(Exercise description)
From the records below, transcribe exactly the lines that begin at the line with "0R; RJ_3 pads_0805_2012Metric" and end at the line with "(DIR), J2.3, R4.2", both included.
────────
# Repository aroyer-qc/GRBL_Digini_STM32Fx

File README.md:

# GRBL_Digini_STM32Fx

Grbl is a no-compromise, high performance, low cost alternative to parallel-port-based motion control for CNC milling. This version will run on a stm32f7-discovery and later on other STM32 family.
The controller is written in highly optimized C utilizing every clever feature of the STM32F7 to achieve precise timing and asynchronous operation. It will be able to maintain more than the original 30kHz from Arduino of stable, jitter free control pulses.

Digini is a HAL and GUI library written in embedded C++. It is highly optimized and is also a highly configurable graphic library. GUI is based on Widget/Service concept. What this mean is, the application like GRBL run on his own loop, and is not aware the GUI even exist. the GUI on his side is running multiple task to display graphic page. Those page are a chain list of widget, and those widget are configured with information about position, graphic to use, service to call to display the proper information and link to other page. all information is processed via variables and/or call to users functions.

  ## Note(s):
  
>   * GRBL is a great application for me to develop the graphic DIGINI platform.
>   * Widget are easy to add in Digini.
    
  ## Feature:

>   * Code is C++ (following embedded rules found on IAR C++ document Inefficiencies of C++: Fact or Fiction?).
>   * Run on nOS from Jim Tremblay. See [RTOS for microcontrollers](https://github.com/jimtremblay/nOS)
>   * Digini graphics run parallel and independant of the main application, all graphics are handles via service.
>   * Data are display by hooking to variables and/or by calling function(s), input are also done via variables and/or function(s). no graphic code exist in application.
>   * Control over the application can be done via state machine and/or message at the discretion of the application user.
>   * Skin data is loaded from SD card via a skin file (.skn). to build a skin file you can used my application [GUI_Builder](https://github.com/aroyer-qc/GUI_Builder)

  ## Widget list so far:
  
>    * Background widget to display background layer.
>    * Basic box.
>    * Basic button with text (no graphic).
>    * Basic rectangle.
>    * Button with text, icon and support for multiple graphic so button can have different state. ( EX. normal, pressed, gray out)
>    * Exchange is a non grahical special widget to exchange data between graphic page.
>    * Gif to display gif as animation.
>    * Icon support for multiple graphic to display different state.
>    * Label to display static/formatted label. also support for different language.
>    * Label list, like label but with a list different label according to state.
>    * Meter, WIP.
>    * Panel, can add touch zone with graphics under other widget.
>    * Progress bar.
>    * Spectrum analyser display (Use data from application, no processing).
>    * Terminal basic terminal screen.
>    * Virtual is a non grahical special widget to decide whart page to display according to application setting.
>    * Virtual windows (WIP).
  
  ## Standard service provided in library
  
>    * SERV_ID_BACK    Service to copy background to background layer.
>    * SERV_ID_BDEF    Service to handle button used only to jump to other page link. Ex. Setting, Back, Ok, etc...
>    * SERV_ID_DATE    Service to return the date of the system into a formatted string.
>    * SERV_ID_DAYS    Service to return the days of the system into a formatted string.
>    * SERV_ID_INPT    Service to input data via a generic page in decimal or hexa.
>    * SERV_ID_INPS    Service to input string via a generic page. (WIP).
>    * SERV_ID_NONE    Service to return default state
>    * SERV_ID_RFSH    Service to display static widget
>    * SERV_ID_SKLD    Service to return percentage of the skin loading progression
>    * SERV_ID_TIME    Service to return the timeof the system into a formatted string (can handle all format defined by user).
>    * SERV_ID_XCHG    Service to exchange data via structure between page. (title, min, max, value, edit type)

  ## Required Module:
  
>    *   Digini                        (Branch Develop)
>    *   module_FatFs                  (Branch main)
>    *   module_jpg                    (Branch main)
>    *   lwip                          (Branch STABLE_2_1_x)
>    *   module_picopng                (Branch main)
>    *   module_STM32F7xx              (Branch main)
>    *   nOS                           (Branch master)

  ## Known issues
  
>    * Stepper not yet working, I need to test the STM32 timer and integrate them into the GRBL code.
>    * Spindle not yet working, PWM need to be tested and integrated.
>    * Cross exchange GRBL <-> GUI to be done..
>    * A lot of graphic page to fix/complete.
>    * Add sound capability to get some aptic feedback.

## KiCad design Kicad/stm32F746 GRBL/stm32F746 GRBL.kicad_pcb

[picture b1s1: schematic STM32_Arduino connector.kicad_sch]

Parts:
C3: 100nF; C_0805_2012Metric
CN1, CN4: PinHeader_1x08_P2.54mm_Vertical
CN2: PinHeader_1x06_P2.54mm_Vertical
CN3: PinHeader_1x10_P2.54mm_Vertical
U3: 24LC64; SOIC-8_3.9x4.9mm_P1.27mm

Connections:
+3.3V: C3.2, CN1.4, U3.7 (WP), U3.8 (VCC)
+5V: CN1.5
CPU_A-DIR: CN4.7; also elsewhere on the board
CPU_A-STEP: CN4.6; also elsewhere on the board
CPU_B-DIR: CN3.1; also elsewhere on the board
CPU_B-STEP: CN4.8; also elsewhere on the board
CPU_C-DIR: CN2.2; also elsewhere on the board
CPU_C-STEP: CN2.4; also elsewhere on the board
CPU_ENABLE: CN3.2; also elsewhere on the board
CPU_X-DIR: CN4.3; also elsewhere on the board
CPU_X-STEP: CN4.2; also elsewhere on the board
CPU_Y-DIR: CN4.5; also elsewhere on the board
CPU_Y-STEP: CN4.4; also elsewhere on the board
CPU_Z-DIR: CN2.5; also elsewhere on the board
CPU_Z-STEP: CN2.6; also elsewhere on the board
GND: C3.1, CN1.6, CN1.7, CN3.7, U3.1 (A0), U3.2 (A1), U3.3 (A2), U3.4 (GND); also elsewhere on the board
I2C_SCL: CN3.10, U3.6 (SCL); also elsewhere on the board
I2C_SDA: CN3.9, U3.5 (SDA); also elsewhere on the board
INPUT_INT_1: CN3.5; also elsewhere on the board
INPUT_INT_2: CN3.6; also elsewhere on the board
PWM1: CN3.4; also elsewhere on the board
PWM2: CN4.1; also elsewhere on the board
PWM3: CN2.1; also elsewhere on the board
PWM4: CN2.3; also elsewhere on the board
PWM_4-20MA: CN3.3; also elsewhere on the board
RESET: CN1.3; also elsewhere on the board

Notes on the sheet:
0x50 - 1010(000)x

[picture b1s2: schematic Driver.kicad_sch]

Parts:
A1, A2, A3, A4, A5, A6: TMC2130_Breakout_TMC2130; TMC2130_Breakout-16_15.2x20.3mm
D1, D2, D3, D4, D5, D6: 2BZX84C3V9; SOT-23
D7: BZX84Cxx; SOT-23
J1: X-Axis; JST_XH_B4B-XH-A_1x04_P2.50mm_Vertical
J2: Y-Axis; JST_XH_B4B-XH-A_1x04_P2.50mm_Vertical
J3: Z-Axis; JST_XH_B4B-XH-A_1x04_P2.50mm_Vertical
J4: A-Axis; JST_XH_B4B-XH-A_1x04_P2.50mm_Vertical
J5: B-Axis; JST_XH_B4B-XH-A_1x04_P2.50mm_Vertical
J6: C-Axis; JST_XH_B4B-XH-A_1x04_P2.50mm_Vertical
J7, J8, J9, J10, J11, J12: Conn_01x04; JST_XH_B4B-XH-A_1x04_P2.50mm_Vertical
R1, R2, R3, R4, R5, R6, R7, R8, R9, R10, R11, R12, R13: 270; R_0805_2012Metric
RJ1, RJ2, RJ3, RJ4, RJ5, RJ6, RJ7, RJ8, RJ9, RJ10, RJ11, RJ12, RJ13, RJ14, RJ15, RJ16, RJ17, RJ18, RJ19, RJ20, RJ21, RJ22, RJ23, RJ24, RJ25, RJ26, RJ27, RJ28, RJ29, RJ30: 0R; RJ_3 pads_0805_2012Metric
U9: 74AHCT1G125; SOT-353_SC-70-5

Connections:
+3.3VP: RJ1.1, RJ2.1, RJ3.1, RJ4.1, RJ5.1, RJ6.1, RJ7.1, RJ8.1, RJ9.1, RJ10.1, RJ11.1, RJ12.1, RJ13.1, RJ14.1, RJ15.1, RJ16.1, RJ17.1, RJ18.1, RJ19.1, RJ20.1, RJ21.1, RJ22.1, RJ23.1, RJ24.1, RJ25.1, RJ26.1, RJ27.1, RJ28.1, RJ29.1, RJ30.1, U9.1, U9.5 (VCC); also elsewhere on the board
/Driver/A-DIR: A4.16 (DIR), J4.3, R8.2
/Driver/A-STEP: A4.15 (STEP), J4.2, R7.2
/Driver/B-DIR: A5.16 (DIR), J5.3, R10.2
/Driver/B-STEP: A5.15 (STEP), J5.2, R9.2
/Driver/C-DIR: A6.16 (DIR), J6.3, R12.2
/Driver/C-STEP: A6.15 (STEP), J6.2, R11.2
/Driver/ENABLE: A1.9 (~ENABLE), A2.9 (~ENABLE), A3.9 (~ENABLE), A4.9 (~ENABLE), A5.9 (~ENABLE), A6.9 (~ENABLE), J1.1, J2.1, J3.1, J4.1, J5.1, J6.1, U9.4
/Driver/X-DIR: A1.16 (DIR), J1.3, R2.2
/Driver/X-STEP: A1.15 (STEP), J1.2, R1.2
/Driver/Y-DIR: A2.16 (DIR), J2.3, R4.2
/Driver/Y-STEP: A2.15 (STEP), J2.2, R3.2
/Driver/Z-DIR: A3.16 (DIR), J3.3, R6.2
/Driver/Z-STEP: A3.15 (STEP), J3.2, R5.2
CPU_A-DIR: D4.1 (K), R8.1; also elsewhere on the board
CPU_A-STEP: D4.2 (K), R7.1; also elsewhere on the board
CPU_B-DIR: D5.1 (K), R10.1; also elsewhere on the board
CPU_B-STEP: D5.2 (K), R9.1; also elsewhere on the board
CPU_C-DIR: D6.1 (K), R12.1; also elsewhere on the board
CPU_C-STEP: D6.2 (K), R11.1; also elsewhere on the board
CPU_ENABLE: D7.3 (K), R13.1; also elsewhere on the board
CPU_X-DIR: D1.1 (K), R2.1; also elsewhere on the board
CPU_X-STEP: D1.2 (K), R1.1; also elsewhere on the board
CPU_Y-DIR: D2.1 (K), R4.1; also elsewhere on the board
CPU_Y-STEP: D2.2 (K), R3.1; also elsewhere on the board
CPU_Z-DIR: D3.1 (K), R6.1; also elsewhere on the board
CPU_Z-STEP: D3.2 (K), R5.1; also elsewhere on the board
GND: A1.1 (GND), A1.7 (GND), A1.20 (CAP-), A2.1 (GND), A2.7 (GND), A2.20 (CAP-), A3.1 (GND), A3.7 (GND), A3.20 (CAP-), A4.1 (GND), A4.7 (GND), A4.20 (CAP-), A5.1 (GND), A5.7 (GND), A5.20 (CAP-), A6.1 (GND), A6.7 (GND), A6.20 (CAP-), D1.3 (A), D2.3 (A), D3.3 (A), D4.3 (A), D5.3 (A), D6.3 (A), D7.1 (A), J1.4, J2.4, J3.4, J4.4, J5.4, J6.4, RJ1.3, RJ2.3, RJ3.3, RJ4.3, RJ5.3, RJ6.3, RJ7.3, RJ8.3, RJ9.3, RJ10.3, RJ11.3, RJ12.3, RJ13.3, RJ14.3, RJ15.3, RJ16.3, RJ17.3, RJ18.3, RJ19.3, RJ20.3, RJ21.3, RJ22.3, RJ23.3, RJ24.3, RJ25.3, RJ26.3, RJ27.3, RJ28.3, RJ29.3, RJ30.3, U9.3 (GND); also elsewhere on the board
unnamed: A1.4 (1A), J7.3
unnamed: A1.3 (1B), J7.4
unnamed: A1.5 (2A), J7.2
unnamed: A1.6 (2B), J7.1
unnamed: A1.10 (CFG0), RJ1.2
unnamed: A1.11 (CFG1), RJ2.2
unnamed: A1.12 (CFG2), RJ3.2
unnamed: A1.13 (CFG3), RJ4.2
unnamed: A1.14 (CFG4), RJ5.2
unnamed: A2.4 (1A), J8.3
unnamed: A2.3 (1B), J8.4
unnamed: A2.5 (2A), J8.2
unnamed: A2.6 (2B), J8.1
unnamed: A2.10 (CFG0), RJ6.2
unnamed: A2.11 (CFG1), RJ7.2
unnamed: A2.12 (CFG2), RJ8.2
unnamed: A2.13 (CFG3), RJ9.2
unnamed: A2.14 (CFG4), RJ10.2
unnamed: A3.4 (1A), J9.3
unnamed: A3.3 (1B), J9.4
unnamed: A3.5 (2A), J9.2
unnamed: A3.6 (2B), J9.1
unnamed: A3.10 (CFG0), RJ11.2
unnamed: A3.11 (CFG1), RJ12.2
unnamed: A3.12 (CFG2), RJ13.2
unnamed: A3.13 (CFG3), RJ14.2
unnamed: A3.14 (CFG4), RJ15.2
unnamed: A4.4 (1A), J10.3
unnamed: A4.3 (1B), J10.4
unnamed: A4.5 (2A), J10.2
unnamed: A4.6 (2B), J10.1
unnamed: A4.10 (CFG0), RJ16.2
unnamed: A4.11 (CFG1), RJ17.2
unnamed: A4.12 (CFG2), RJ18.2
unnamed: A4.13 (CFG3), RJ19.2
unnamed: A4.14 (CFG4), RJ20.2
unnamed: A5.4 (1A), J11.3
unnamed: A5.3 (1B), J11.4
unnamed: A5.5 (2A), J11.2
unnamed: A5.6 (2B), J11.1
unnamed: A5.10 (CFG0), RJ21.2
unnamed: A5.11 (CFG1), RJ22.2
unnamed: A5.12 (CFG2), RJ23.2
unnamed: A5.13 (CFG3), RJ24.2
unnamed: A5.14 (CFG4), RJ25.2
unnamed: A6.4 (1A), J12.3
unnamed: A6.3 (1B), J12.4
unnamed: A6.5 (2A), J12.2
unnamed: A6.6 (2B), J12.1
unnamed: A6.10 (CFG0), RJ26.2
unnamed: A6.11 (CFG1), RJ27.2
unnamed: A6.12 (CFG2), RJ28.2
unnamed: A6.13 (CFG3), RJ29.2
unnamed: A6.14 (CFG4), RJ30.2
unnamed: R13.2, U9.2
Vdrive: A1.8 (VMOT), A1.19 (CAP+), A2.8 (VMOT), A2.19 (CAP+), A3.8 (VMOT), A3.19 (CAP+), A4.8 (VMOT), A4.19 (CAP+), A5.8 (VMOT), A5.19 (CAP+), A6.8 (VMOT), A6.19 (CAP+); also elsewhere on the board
────────
(Exercise result)
RJ1, RJ2, RJ3, RJ4, RJ5, RJ6, RJ7, RJ8, RJ9, RJ10, RJ11, RJ12, RJ13, RJ14, RJ15, RJ16, RJ17, RJ18, RJ19, RJ20, RJ21, RJ22, RJ23, RJ24, RJ25, RJ26, RJ27, RJ28, RJ29, RJ30: 0R; RJ_3 pads_0805_2012Metric
U9: 74AHCT1G125; SOT-353_SC-70-5

Connections:
+3.3VP: RJ1.1, RJ2.1, RJ3.1, RJ4.1, RJ5.1, RJ6.1, RJ7.1, RJ8.1, RJ9.1, RJ10.1, RJ11.1, RJ12.1, RJ13.1, RJ14.1, RJ15.1, RJ16.1, RJ17.1, RJ18.1, RJ19.1, RJ20.1, RJ21.1, RJ22.1, RJ23.1, RJ24.1, RJ25.1, RJ26.1, RJ27.1, RJ28.1, RJ29.1, RJ30.1, U9.1, U9.5 (VCC); also elsewhere on the board
/Driver/A-DIR: A4.16 (DIR), J4.3, R8.2
/Driver/A-STEP: A4.15 (STEP), J4.2, R7.2
/Driver/B-DIR: A5.16 (DIR), J5.3, R10.2
/Driver/B-STEP: A5.15 (STEP), J5.2, R9.2
/Driver/C-DIR: A6.16 (DIR), J6.3, R12.2
/Driver/C-STEP: A6.15 (STEP), J6.2, R11.2
/Driver/ENABLE: A1.9 (~ENABLE), A2.9 (~ENABLE), A3.9 (~ENABLE), A4.9 (~ENABLE), A5.9 (~ENABLE), A6.9 (~ENABLE), J1.1, J2.1, J3.1, J4.1, J5.1, J6.1, U9.4
/Driver/X-DIR: A1.16 (DIR), J1.3, R2.2
/Driver/X-STEP: A1.15 (STEP), J1.2, R1.2
/Driver/Y-DIR: A2.16 (DIR), J2.3, R4.2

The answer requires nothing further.